Don't understand what you exactly mean/do and why it should help against
the barrier thingy?

> I believe dmcrypt is single-threaded, too.
I've had thought that, too,..at least it used to be.
So that would basically mean... if I put dmcrypt on top of MD, then one
single thread would handle the whole encryption for the whole MD and
therefore also on all of my (e.g. 4) devices?

But when I do it the other way round... MD being on top of dmcrypt...
than each physical device would get it's own dmcrypt device... and also
it's own thread, using potentially more CPUs?

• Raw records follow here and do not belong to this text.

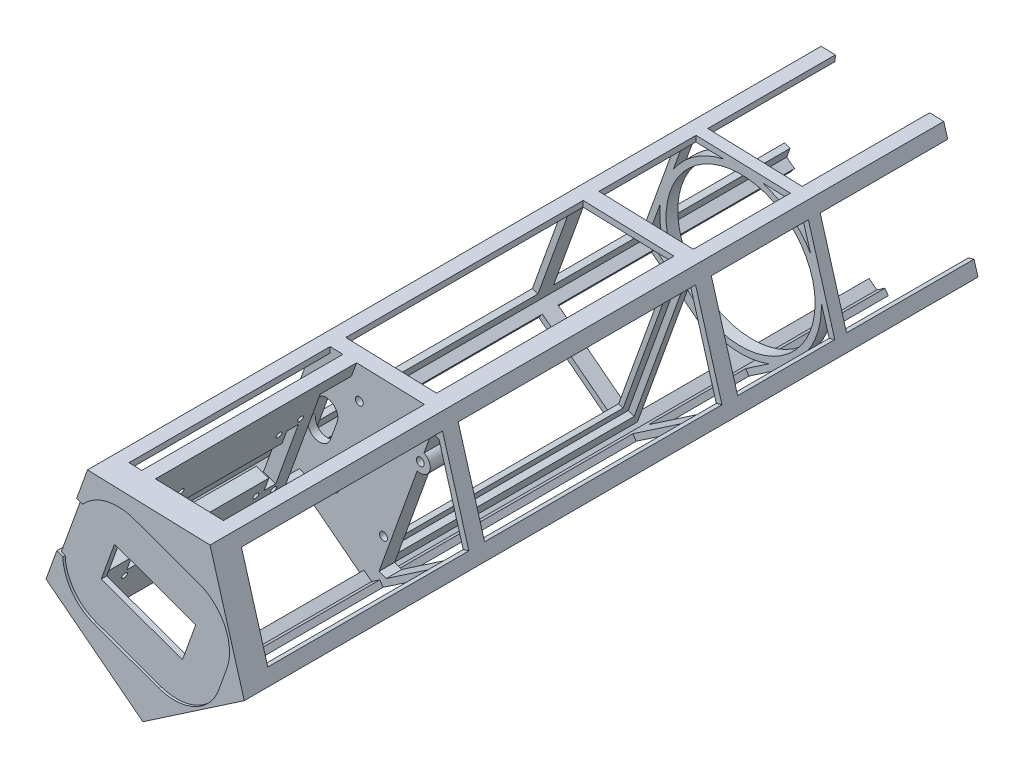
SolidWorks part; units mm, degrees
ref_plane "Front Plane" through (0, 0, 0) normal (0, 0, 1) x (1, 0, 0)
ref_plane "Top Plane" through (0, 0, 0) normal (0, 1, 0) x (1, 0, 0)
ref_plane "Right Plane" through (0, 0, 0) normal (1, 0, 0) x (0, 0, -1)
sketch "Sketch3" plane through (0, 0, 0) normal (0, 0, 1) x (1, 0, 0)
  line L0 (0, 0) -> (16.2851, 21.0012) construction
  line L1 (15.1489, 19.536) -> (-13.8986, 20.4445)
  line L2 (-13.8986, 20.4445) -> (-23.7387, -6.9006)
  line L3 (-23.7387, -6.9006) -> (-0.7728, -24.7093)
  line L4 (-0.7728, -24.7093) -> (23.2611, -8.3705)
  line L5 (0, 0) -> (29.9163, 0) construction
  line L6 (0, 0) -> (25.0057, -8.9983) construction
  line L10 (-0.8307, -26.5625) -> (25.0057, -8.9983)
  line L11 (25.0057, -8.9983) -> (16.2851, 21.0012)
  line L12 (16.2851, 21.0012) -> (-14.941, 21.9778)
  line L13 (-14.941, 21.9778) -> (-25.5191, -7.4182)
  line L14 (-25.5191, -7.4182) -> (-0.8307, -26.5625)
  line L15 (23.2611, -8.3705) -> (15.1489, 19.536)
  circle A0 centre (0, 0) radius 20 construction
  dimension "D2" = 40
extrude "Boss-Extrude2" add sketch "Sketch3" along normal blind 185
ref_plane "Plane1" through (0, 0, 92.5) normal (0, 0, 1) x (1, 0, 0)
sketch "Sketch4" plane through (0, 0, 0) normal (0, 0, -1) x (-1, 0, 0)
  line L0 (14.745, 18.0921) -> (16.1564, 18.6)
  line L1 (13.8986, 20.4445) -> (23.7387, -6.9006) construction
  line L2 (14.941, 21.9778) -> (25.5191, -7.4182) construction
  line L3 (24.3036, -4.0404) -> (22.8922, -4.5483)
  line L4 (22.8922, -4.5483) -> (14.745, 18.0921)
  line L5 (24.3036, -4.0404) -> (16.1564, 18.6)
  dimension "D1" = 2.5
  dimension "D2" = 2.5
extrude "Cut-Extrude1" cut sketch "Sketch4" against normal offset from surface (180 mm away) 5 up to face at (0, 0, 185)
ref_point "Point1"
ref_axis "Axis1" through (0, 0, 185) along (0, 0, 1)
pattern_circular "CirPattern1" count 5 over 360 about axis through (0, 0, 185) along (0, 0, 1) of "Cut-Extrude1"
ref_plane "Plane2" through (0, 0, 92.5) normal (0, 0, 1) x (1, 0, 0)
sketch "Sketch5" plane through (0, 0, 92.5) normal (0, 0, 1) x (1, 0, 0)
  line L0 (-2.0696, -25.6018) -> (14.7182, 21.0502) construction
  line L2 (-24.1133, -8.5083) -> (-1.8275, -25.7895) construction
  line L3 (23.2611, -8.3705) -> (0, 0) construction
  line L4 (-4.3961, -23.7977) -> (11.7756, 21.1422)
  line L8 (-2.0696, -25.6018) -> (-4.3961, -23.7977)
  line L10 (14.7182, 21.0502) -> (11.7756, 21.1422)
  line L11 (-2.0696, -25.6018) -> (14.7182, 21.0502)
  line L12 (-22.8004, 22.2236) -> (6.2471, 21.3151) construction
  dimension "D1" = 18
  dimension "D2" = 2.8
extrude "Boss-Extrude3" add sketch "Sketch5" along normal mid plane 64.5
sketch "Sketch6" plane through (0, 0, 124.75) normal (0, 0, 1) x (1, 0, 0)
  line L5 (-25.5191, -7.4182) -> (-0.8307, -26.5625)
  line L6 (-0.8307, -26.5625) -> (25.0057, -8.9983)
  line L7 (25.0057, -8.9983) -> (16.2851, 21.0012)
  line L8 (16.2851, 21.0012) -> (-14.941, 21.9778)
  line L9 (-14.941, 21.9778) -> (-25.5191, -7.4182)
  line L10 (-25.5191, -7.4182) -> (-0.8307, -26.5625)
  line L11 (-0.8307, -26.5625) -> (25.0057, -8.9983)
  line L12 (25.0057, -8.9983) -> (16.2851, 21.0012)
  line L13 (16.2851, 21.0012) -> (-14.941, 21.9778)
  line L14 (-14.941, 21.9778) -> (-25.5191, -7.4182)
  dimension "D1" = 0
extrude "Boss-Extrude4" add sketch "Sketch6" along normal blind 4
sketch "Sketch7" plane through (0, 0, 124.75) normal (0, 0, -1) x (-1, 0, 0)
  line L0 (-3.6897, -1.3278) -> (20.23, 7.2798) construction
  line L1 (-11.7756, 21.1422) -> (4.3961, -23.7977) construction
  line L2 (16.1564, 18.6) -> (24.3036, -4.0404) construction
  line L4 (19.0326, -2.4504) -> (13.1071, 14.0159)
  line L5 (0.2139, -9.2223) -> (-5.7115, 7.244)
  line L7 (19.0326, -2.4504) -> (-5.7115, 7.244) construction
  line L8 (0.2139, -9.2223) -> (13.1071, 14.0159) construction
  line L9 (9.6232, -5.8364) -> (3.6978, 10.63) construction
  line L11 (-11.7756, 21.1422) -> (4.3961, -23.7977) construction
  arc A0 (-5.7115, 7.244) -> (13.1071, 14.0159) centre (3.6978, 10.63) cw
  arc A1 (0.2139, -9.2223) -> (19.0326, -2.4504) centre (9.6232, -5.8364) ccw
  point P7 (6.6605, 2.3968)
  point P9 (13.0092, -15.2457)
  point P14 (0.3119, 20.0393)
  dimension "D1" = 37.5
  dimension "D2" = 20
  dimension "D3" = 1
extrude "Cut-Extrude2" cut sketch "Sketch7" against normal blind 2
sketch "Sketch8" plane through (6.3243, -2.2758, 0) normal (0.9409, -0.3386, 0) x (0, 0, -1)
  line L0 (-60.25, 0) -> (-124.75, 0) construction
  line L1 (-124.75, -23.2131) -> (-124.75, 23.2131) construction
  line L3 (-60.25, -23.2131) -> (-60.25, 23.2131) construction
  line L5 (-123, -20.5) -> (-123, 20.5)
  line L6 (-123, -20.5) -> (-62, -20.5)
  line L7 (-123, 20.5) -> (-62, 20.5)
  line L8 (-62, -20.5) -> (-62, 20.5)
  line L14 (-62, 20.5) -> (-123, -20.5) construction
  line L15 (-62, -20.5) -> (-123, 20.5) construction
  point P11 (-92.5, 0)
  point P14 (-92.5, 0)
  dimension "D1" = 61
  dimension "D2" = 41
extrude "Cut-Extrude3" cut sketch "Sketch8" against normal blind 1.6
sketch "Sketch9" plane through (4.8189, -1.7341, 0) normal (0.9409, -0.3386, 0) x (0, 0, -1)
  line L8 (-121, -18.5) -> (-64, -18.5)
  line L9 (-64, -18.5) -> (-64, 18.5)
  line L10 (-64, 18.5) -> (-121, 18.5)
  line L11 (-121, 18.5) -> (-121, -18.5)
  line L12 (-121, -18.5) -> (-64, -18.5)
  line L13 (-64, -18.5) -> (-64, 18.5)
  line L14 (-64, 18.5) -> (-121, 18.5)
  line L15 (-121, 18.5) -> (-121, -18.5)
  dimension "D1" = 2
extrude "Cut-Extrude4" cut sketch "Sketch9" against normal up to surface (1.2 mm away) up to face at (3.6897, -1.3278, 92.5)
sketch "Sketch10" plane through (0, 0, 60.25) normal (0, 0, -1) x (-1, 0, 0)
  line L25 (-23.2611, -8.3705) -> (0.7728, -24.7093)
  line L26 (0.7728, -24.7093) -> (23.7387, -6.9006)
  line L27 (23.7387, -6.9006) -> (13.8986, 20.4445)
  line L28 (13.8986, 20.4445) -> (-15.1489, 19.536)
  line L29 (-15.1489, 19.536) -> (-23.2611, -8.3705)
  line L30 (0.8307, -26.5625) -> (25.5191, -7.4182)
  line L31 (-25.0057, -8.9983) -> (0.8307, -26.5625)
  line L32 (-16.2851, 21.0012) -> (-25.0057, -8.9983)
  line L33 (14.941, 21.9778) -> (-16.2851, 21.0012)
  line L34 (25.5191, -7.4182) -> (14.941, 21.9778)
  line L40 (0.8307, -26.5625) -> (25.5191, -7.4182)
  line L41 (-25.0057, -8.9983) -> (0.8307, -26.5625)
  line L42 (-16.2851, 21.0012) -> (-25.0057, -8.9983)
  line L43 (14.941, 21.9778) -> (-16.2851, 21.0012)
  line L44 (25.5191, -7.4182) -> (14.941, 21.9778)
  dimension "D1" = 0
extrude "Boss-Extrude5" add sketch "Sketch10" against normal blind 4
sketch "Sketch11" plane through (0, 0, 60.25) normal (0, 0, -1) x (-1, 0, 0)
  line L0 (3.8621, -22.3137) -> (4.3961, -23.7977)
  line L1 (4.3961, -23.7977) -> (3.6676, -24.3627)
  line L2 (-11.2416, 19.6582) -> (-11.7756, 21.1422)
  line L3 (-11.7756, 21.1422) -> (-12.697, 21.1134)
  line L4 (21.7631, -8.4326) -> (3.8621, -22.3137)
  line L7 (3.8621, -22.3137) -> (-11.2416, 19.6582)
  line L9 (-14.1842, 19.5662) -> (1.5355, -24.1178)
  line L10 (-14.1842, 19.5662) -> (1.5355, -24.1178)
  line L11 (-12.697, 21.1134) -> (11.3529, 21.8656) construction
  line L13 (3.8621, -22.3137) -> (-11.2416, 19.6582) construction
  line L18 (22.6823, -9.618) -> (3.6676, -24.3627) construction
  line L19 (3.8621, -22.3137) -> (-11.2416, 19.6582)
  line L27 (-11.2416, 19.6582) -> (11.3998, 20.3663)
  line L31 (1.5355, -24.1178) -> (2.7484, -23.1773)
  line L33 (1.5355, -24.1178) -> (2.7484, -23.1773)
  line L35 (2.7484, -23.1773) -> (3.6676, -24.3627)
  line L37 (2.7484, -23.1773) -> (3.6676, -24.3627)
  line L39 (3.6676, -24.3627) -> (22.6823, -9.618)
  line L41 (22.6823, -9.618) -> (21.7631, -8.4326)
  line L43 (11.3998, 20.3663) -> (11.3529, 21.8656)
  line L45 (11.3529, 21.8656) -> (-12.697, 21.1134)
  line L47 (-12.697, 21.1134) -> (-12.6502, 19.6141)
  line L48 (-12.697, 21.1134) -> (-12.6502, 19.6141)
  line L49 (-12.6502, 19.6141) -> (-14.1842, 19.5662)
  line L50 (-12.6502, 19.6141) -> (-14.1842, 19.5662)
  dimension "D1" = 0
ref_plane "Plane3" through (0, 0, 32.5) normal (0, 0, 1) x (1, 0, 0)
sketch "Sketch14" plane through (0, 0, 32.5) normal (0, 0, 1) x (1, 0, 0)
  line L5 (-25.5191, -7.4182) -> (-0.8307, -26.5625)
  line L6 (-0.8307, -26.5625) -> (25.0057, -8.9983)
  line L7 (25.0057, -8.9983) -> (16.2851, 21.0012)
  line L8 (16.2851, 21.0012) -> (-14.941, 21.9778)
  line L9 (-14.941, 21.9778) -> (-25.5191, -7.4182)
  line L11 (-0.8307, -26.5625) -> (25.0057, -8.9983)
  line L12 (25.0057, -8.9983) -> (16.2851, 21.0012)
  line L16 (23.2611, -8.3705) -> (15.3259, -13.7651)
  line L18 (-0.7728, -24.7093) -> (-8.3554, -18.8294)
  line L20 (-23.7387, -6.9006) -> (-20.4898, 2.1279)
  line L22 (-13.8986, 20.4445) -> (-4.308, 20.1445)
  line L24 (15.1489, 19.536) -> (17.8273, 10.3221)
  line L25 (7.1625, -19.3147) -> (-0.7728, -24.7093)
  line L26 (20.5827, 0.8433) -> (23.2611, -8.3705)
  line L27 (5.5584, 19.8359) -> (15.1489, 19.536)
  line L28 (-17.1475, 11.416) -> (-13.8986, 20.4445)
  line L29 (-16.1561, -12.7805) -> (-23.7387, -6.9006)
  line L30 (16.2851, 21.0012) -> (-14.941, 21.9778)
  line L31 (-14.941, 21.9778) -> (-25.5191, -7.4182)
  line L32 (-25.5191, -7.4182) -> (-0.8307, -26.5625)
  circle A3 centre (0, 0) radius 19
  arc A8 (15.3259, -13.7651) -> (20.5827, 0.8433) centre (0, 0) ccw
  circle A9 centre (0, 0) radius 20.6 construction
  arc A10 (17.8273, 10.3221) -> (5.5584, 19.8359) centre (0, 0) ccw
  arc A11 (-4.308, 20.1445) -> (-17.1475, 11.416) centre (0, 0) ccw
  arc A12 (-20.4898, 2.1279) -> (-16.1561, -12.7805) centre (0, 0) ccw
  arc A13 (-8.3554, -18.8294) -> (7.1625, -19.3147) centre (0, 0) ccw
  dimension "D2" = 38
  dimension "D1" = 0
  dimension "D3" = 1.6
extrude "Boss-Extrude8" add sketch "Sketch14" along normal blind 3
ref_plane "Plane4" through (0, 0, 29.5) normal (0, 0, -1) x (-1, 0, 0)
sketch "Sketch15" plane through (0, 0, 29.5) normal (0, 0, -1) x (-1, 0, 0)
  line L0 (-23.2611, -8.3705) -> (0.7728, -24.7093)
  line L1 (0.7728, -24.7093) -> (23.7387, -6.9006)
  line L2 (23.7387, -6.9006) -> (13.8986, 20.4445)
  line L3 (13.8986, 20.4445) -> (-15.1489, 19.536)
  line L4 (-15.1489, 19.536) -> (-23.2611, -8.3705)
  line L5 (0.8307, -26.5625) -> (25.5191, -7.4182)
  line L6 (-25.0057, -8.9983) -> (0.8307, -26.5625)
  line L7 (-16.2851, 21.0012) -> (-25.0057, -8.9983)
  line L8 (14.941, 21.9778) -> (-16.2851, 21.0012)
  line L9 (25.5191, -7.4182) -> (14.941, 21.9778)
  line L10 (0.8307, -26.5625) -> (25.5191, -7.4182)
  line L11 (-25.0057, -8.9983) -> (0.8307, -26.5625)
  line L12 (-16.2851, 21.0012) -> (-25.0057, -8.9983)
  line L13 (14.941, 21.9778) -> (-16.2851, 21.0012)
  line L14 (25.5191, -7.4182) -> (14.941, 21.9778)
  dimension "D1" = 0
sketch "Sketch29" plane through (0, 0, 185) normal (0, 0, 1) x (1, 0, 0)
  line L5 (-25.5191, -7.4182) -> (-0.8307, -26.5625)
  line L6 (-0.8307, -26.5625) -> (25.0057, -8.9983)
  line L7 (25.0057, -8.9983) -> (16.2851, 21.0012)
  line L8 (16.2851, 21.0012) -> (-14.941, 21.9778)
  line L9 (-14.941, 21.9778) -> (-25.5191, -7.4182)
  line L10 (-25.5191, -7.4182) -> (-0.8307, -26.5625)
  line L11 (-0.8307, -26.5625) -> (25.0057, -8.9983)
  line L12 (25.0057, -8.9983) -> (16.2851, 21.0012)
  line L13 (16.2851, 21.0012) -> (-14.941, 21.9778)
  line L14 (-14.941, 21.9778) -> (-25.5191, -7.4182)
  dimension "D1" = 0
extrude "Boss-Extrude13" add sketch "Sketch29" along normal blind 2
sketch "Sketch30" plane through (0, 0, 187) normal (0, 0, 1) x (1, 0, 0)
  line L0 (25.0057, -8.9983) -> (-20.23, 7.2798) construction
  line L1 (-14.941, 21.9778) -> (-25.5191, -7.4182) construction
  line L2 (3.1542, -17.0767) -> (-13.3121, -11.1513)
  line L3 (18.5086, -9.8487) -> (20.5401, -4.2031)
  line L4 (-20.5401, 4.2031) -> (-18.5086, 9.8487)
  line L5 (13.3121, 11.1513) -> (-3.1542, 17.0767)
  line L6 (14.4454, -21.1398) -> (-14.4454, 21.1398) construction
  line L7 (-24.6033, -7.0881) -> (24.6033, 7.0881) construction
  line L8 (19.5243, -7.0259) -> (-19.5243, 7.0259) construction
  arc A0 (18.5086, -9.8487) -> (3.1542, -17.0767) centre (7.2174, -5.7855) cw
  arc A1 (-18.5086, 9.8487) -> (-3.1542, 17.0767) centre (-7.2174, 5.7855) cw
  arc A2 (-13.3121, -11.1513) -> (-20.5401, 4.2031) centre (-9.2489, 0.1399) cw
  arc A3 (20.5401, -4.2031) -> (13.3121, 11.1513) centre (9.2489, -0.1399) ccw
  point P5 (0, 0)
  dimension "D3" = 12
  dimension "D1" = 30
  dimension "D2" = 41.5
extrude "Cut-Extrude8" cut sketch "Sketch30" against normal blind 0.6
sketch "Sketch31" plane through (0, 0, 186.4) normal (0, 0, 1) x (1, 0, 0)
  line L0 (25.0057, -8.9983) -> (0, 0) construction
  line L1 (12.0432, 0.9801) -> (8.6573, -8.4292)
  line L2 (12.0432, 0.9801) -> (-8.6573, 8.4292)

Well the QNAP in question would have 2 cores with HT so 4 threads...
anyone here with an idea whether the performance boost would be worth
running dmcrypt below MD (which somehow sounds ugly and wrong).

> If either or both of those issues have been corrected, I wouldn't expect
> the layering order to matter.  I'd be nice if a lurking dmcrypt dev or
> enthusiast would chime in here.
I've mailed Milan Broz a pointer to this thread and hope he finds some
time to have a look at :)

If so, a question in addition,... if it's not already done,... are there
plans to make dmcrypt multi-threaded (so I could just wait for it and
put MD below it)?

> > But when looking at potential disaster recovery... I think not having MD
> > directly on top of the HDDs (especially having it above dmcrypt) seems
> > stupid.
> I don't know that layering matters much in that case, but I can think of
> many cases where it could complicate things.
What exactly do you mean?

My idea was that when MD is directly above the physical device... then I
will roughly which kind block should be where and how data blocks should
yield parity blocks... i.e. when I do disc forensics or plain dd access.
When dmcrypt is below, though,... all physical devices will look
completely like garbage.

> > 2) Chunks / Chunk size
> > a) How does MD work in that matter... is it that it _always_ reads
> > and/or writes FULL chunks?
>
> No.  It does not.  It doesn't go below 4k though.
So what does that mean exactly? It always reads/writes at least 4k
blocks?

> > Guess it must at least do so on _write_ for the RAID levels with parity
> > (5/6)... but what about read?
> No, not even for write.
:-O

> If an isolated 4k block is written to a raid6,
> the corresponding 4k blocks from the other data drives in that stripe
> are read, both corresponding parity blocks are computed, and the three
> blocks are written.
okay that's clear... but uhm... why having chuk sizes then? I mean
what's the difference when having a 128k chunk vs. a 256k one... when
the parity/data blocks seem to be split in 4k blocks,... or did I get
that completely wrong?

> > And what about read/write with the non-parity RAID levels (1, 0, 10,
> > linear)... is the chunk size of any real influence here (in terms of
> > reading/writing)?
> Not really.  At least, I've seen nothing on this list that shows any
> influence.
So AFAIU now:
a) Regardless the RAID level and regardless the chunk size,
   - data blocks are read/written in 4KiB blocks
   - when there IS parity information... then that parity information is _ALWAYS_ read/computed/written in 4KiB blocks.
b) The chunks basically just control how much consecutive data is on one
device, thereby allowing to speed up / slow down reads/write for small /
large files.
But that should basically only matter on seeking devices, i.e. not on
SSDs... thus the chunk size is irrelevant on SSDs...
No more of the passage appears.